Most satellites launched on a single rocket
- Who
- SpaceX, Transporter-1
- Where
- United States (Cape Canaveral Space Force Station)
- When
- 24 January 2021
The most satellites placed into orbit by a single rocket is 143, achieved by SpaceX (USA). This record payload was carried by the company's Transporter-1 mission, which lifted off from Cape Canaveral Space Force Station in Florida, USA, on 24 January 2021.
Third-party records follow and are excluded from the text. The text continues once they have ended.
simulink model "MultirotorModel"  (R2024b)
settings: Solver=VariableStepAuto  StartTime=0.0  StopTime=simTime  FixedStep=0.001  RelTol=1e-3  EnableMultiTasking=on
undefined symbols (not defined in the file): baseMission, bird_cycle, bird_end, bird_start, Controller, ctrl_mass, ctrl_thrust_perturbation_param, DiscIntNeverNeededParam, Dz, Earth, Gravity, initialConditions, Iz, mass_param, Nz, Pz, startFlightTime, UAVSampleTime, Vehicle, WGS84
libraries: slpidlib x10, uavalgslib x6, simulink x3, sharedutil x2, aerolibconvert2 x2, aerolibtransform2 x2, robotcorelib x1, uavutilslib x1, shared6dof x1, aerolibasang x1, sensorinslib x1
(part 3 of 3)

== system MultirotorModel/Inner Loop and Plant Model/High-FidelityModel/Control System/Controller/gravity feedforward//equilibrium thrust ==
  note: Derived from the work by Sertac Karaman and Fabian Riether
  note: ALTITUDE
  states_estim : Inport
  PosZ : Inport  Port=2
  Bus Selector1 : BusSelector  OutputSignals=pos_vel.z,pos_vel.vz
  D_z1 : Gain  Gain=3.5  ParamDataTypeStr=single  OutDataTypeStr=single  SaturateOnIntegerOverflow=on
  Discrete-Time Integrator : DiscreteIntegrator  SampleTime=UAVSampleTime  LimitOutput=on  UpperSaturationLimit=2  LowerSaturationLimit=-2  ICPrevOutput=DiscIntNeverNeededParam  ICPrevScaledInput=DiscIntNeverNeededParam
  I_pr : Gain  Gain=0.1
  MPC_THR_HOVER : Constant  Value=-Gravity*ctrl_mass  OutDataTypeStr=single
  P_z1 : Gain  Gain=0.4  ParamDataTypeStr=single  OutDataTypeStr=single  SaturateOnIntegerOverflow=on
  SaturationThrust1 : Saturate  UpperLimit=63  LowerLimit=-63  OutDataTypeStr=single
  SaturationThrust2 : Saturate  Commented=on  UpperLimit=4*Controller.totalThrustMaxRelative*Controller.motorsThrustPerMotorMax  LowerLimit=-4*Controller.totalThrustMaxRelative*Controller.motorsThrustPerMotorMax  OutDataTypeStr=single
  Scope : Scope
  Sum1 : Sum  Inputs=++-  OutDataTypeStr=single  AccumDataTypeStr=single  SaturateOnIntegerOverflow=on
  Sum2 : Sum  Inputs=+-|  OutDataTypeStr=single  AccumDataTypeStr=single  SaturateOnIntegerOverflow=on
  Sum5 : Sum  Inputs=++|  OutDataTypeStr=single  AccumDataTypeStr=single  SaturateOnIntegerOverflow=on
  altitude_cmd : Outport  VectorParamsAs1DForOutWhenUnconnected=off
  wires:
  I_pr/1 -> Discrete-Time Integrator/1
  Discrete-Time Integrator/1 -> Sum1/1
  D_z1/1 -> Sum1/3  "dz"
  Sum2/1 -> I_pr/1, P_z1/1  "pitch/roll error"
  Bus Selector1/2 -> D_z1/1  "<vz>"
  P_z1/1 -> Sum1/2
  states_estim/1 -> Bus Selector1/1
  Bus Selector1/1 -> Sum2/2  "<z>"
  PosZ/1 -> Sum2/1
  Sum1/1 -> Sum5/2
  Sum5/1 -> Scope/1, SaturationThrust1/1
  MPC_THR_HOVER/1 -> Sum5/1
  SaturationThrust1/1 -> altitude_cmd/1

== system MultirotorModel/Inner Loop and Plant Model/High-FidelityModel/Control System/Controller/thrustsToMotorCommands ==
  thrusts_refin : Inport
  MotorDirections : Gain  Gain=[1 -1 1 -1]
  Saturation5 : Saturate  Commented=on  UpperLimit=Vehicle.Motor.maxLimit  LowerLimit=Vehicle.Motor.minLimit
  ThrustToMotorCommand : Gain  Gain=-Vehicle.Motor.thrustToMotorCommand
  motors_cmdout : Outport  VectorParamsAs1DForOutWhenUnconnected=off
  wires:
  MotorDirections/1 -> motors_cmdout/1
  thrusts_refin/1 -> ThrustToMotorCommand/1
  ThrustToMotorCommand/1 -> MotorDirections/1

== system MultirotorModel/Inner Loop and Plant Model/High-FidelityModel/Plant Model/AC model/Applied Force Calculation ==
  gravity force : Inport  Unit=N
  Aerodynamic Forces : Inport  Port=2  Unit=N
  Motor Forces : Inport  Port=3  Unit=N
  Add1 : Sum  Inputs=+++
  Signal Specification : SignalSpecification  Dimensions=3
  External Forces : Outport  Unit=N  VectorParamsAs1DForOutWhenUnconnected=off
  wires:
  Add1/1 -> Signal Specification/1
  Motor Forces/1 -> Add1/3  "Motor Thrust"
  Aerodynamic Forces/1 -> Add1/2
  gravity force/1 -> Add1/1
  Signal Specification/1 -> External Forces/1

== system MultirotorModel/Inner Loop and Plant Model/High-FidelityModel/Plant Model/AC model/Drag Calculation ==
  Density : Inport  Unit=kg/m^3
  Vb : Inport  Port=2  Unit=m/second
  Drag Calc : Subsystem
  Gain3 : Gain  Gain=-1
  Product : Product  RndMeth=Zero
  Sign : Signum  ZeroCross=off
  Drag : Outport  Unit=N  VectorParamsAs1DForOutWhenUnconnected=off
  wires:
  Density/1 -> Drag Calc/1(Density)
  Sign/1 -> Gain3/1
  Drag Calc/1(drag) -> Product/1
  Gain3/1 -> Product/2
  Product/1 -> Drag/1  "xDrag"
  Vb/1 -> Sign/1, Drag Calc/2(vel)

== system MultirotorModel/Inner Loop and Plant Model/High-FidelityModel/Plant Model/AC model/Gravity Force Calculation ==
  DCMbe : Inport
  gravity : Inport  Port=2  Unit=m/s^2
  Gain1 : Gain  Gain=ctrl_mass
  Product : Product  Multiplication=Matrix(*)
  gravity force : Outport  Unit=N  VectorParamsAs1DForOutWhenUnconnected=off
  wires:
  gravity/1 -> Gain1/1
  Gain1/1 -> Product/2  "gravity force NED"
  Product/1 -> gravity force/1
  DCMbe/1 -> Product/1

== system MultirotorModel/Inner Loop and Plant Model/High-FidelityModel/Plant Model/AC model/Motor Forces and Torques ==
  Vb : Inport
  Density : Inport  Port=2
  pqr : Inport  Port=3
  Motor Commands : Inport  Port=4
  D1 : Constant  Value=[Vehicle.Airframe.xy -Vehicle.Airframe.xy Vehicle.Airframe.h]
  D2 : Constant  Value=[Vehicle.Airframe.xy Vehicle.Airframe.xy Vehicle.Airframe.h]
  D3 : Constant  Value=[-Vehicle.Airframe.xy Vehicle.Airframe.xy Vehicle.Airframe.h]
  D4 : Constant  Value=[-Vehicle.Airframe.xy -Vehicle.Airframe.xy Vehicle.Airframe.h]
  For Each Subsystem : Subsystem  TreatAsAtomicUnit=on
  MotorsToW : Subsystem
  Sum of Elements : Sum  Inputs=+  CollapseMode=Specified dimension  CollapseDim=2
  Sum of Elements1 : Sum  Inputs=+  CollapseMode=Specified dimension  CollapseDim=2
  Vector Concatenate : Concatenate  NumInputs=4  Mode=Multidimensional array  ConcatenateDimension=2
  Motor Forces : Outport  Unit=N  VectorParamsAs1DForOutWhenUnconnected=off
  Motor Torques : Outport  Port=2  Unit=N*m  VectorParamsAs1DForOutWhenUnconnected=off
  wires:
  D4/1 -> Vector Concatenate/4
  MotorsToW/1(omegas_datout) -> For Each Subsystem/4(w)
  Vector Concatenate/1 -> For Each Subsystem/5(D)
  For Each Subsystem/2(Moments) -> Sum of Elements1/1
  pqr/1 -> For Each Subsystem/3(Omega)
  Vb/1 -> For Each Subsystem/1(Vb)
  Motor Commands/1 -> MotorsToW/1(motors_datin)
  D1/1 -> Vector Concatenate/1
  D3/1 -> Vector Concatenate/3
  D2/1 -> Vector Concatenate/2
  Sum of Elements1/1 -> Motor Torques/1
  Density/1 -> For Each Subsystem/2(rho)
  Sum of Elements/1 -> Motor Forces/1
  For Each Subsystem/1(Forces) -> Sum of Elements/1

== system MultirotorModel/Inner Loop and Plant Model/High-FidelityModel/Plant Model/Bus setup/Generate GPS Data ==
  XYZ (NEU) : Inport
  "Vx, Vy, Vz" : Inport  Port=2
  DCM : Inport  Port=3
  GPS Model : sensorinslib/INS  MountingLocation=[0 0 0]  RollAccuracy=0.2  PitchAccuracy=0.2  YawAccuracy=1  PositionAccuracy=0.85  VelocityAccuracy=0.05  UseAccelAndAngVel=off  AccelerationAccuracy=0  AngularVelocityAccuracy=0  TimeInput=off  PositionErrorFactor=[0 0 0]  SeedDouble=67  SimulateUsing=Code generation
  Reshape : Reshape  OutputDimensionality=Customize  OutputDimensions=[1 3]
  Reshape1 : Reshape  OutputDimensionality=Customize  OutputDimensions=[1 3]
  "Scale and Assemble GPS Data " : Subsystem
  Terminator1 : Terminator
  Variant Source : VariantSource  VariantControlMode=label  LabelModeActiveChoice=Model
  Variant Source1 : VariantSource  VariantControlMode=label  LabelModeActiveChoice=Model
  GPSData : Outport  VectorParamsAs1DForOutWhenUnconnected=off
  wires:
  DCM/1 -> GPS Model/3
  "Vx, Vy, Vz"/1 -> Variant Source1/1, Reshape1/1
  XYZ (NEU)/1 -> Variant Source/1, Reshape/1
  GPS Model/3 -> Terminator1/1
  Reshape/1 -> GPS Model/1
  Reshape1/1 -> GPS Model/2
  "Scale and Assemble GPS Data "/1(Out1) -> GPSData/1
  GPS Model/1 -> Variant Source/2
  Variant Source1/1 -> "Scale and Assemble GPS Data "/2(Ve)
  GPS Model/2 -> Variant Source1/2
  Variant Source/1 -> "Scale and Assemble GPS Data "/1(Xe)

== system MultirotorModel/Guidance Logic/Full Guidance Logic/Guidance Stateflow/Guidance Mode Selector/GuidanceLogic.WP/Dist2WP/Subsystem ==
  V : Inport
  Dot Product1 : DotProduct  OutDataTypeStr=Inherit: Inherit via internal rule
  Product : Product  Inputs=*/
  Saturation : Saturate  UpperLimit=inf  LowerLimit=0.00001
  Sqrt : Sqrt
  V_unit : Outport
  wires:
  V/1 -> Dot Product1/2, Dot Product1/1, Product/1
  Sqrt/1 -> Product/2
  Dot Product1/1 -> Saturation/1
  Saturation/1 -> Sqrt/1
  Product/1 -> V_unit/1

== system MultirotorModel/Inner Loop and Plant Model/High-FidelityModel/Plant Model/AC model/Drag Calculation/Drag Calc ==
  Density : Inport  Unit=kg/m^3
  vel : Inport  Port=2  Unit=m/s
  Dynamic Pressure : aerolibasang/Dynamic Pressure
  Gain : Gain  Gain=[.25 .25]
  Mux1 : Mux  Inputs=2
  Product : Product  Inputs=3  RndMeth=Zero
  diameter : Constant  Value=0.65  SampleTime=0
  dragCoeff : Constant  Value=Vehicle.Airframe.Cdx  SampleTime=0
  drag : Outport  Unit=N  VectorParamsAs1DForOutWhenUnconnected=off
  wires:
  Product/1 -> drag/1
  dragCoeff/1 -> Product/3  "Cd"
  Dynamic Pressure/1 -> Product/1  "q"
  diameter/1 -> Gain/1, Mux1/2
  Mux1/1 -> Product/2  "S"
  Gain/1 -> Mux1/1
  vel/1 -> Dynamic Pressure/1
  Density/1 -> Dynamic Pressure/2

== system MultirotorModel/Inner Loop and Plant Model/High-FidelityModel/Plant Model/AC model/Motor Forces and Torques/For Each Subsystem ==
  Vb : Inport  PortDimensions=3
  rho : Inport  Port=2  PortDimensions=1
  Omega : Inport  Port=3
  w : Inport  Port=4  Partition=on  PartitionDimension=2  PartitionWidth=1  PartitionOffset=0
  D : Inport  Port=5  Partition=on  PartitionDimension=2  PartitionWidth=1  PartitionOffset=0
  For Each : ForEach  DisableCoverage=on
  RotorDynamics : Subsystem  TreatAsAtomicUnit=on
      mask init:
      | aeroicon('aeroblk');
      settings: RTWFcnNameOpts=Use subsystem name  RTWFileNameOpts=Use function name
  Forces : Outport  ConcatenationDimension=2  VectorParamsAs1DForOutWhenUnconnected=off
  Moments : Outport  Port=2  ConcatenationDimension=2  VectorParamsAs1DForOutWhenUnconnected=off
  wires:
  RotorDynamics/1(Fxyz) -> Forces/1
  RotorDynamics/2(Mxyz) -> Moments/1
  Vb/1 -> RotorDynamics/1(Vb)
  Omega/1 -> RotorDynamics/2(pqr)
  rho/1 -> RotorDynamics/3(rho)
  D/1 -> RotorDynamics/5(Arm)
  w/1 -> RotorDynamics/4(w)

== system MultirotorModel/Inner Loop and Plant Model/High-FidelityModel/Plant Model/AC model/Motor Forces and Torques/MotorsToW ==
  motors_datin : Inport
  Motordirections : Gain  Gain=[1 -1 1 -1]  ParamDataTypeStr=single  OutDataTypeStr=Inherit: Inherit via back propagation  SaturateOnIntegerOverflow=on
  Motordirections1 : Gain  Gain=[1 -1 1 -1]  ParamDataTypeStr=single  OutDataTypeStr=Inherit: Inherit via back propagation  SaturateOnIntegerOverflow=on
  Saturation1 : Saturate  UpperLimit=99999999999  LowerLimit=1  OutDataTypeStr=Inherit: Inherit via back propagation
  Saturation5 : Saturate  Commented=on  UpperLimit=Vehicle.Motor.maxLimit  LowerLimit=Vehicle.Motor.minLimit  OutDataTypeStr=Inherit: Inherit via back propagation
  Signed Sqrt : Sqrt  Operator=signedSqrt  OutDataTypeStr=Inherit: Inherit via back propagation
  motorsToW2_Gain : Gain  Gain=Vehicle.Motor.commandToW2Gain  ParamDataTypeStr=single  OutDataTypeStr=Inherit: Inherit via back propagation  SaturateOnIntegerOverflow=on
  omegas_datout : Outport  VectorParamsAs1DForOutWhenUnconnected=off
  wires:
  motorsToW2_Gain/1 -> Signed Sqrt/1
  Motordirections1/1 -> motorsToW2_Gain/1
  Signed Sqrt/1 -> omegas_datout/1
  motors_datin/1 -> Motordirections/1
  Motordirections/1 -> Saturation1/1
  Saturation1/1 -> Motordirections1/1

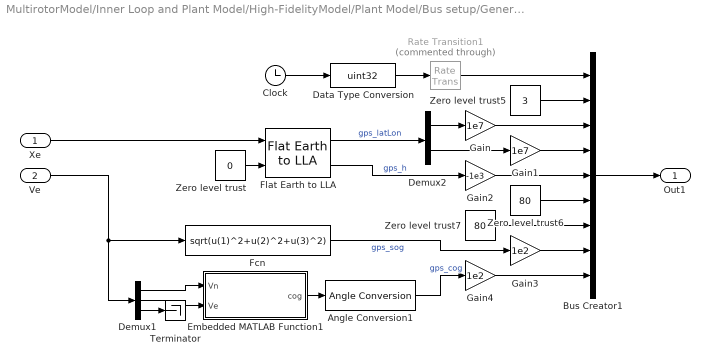
== system MultirotorModel/Inner Loop and Plant Model/High-FidelityModel/Plant Model/Bus setup/Generate GPS Data/Scale and Assemble GPS Data  ==
  Xe : Inport
  Ve : Inport  Port=2
  Angle Conversion1 : aerolibconvert2/Angle Conversion  IU=rad  OU=deg
  Bus Creator1 : BusCreator  Inputs=9  OutDataTypeStr=Bus: gps_raw_int  NonVirtualBus=on
      settings: InheritFromInputs=off
  Clock : Clock
      settings: AttributesFormatString=Decimation: %<Decimation>
  Data Type Conversion : DataTypeConversion  OutDataTypeStr=uint32  SaturateOnIntegerOverflow=off  RndMeth=Floor
  Demux1 : Demux  Outputs=3
  Demux2 : Demux  Outputs=2
  Embedded MATLAB Function1 : MATLAB Function  TreatAsAtomicUnit=on
  Fcn : Fcn  Expr=sqrt(u(1)^2+u(2)^2+u(3)^2)
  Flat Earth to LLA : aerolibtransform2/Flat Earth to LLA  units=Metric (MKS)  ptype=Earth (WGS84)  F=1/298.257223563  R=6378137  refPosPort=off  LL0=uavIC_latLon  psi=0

The Transporter-1 flight is the first of many planned missions in SpaceX's Smallsat Rideshare Program, which has been described as "carpooling in space". It is designed to offer a cheap ride to space for operators of small satellite payloads (which SpaceX define as less than 830 kg). Under this program, SpaceX commits to making a certain number of regularly scheduled launches to different orbits every year, so customers can book their satellite onto one of these scheduled launches rather than chartering a flight themselves. This approach allows SpaceX to offer launch prices of as little as $2.5 m for a 150 kg payload.
This program was introduced to capitalize on the growing smallsat market. The miniaturization of satellite hardware means that many missions (commercial Earth-observation, academic research, etc.) can now be accomplished with tiny satellites the size of a shoebox or even a soda can. The SpaceX Falcon 9 – with its 13 m by 5.2 m payload fairing and 22.8-tonne-to-LEO lift capacity – can carry such missions into space at extremely low prices, provided enough organizations can be tempted to sign up.
The satellites that flew on Transporter-1 include 48 "SuperDove" Earth-imaging satellites from Planet (USA), 17 communications satellites for Kepler (CAN) and dozens of micro-satellites packaged in deployers operated by Exolaunch (DEU) and Nanoracks (USA). The fairing also contains 10 SpaceX Starlink satellites. Smallsat Rideshare Program missions are capable of carrying many more satellites than were flown on this mission – several slots were either empty or occupied by mass simulators (weights designed to keep things in balance in the absence of a payload).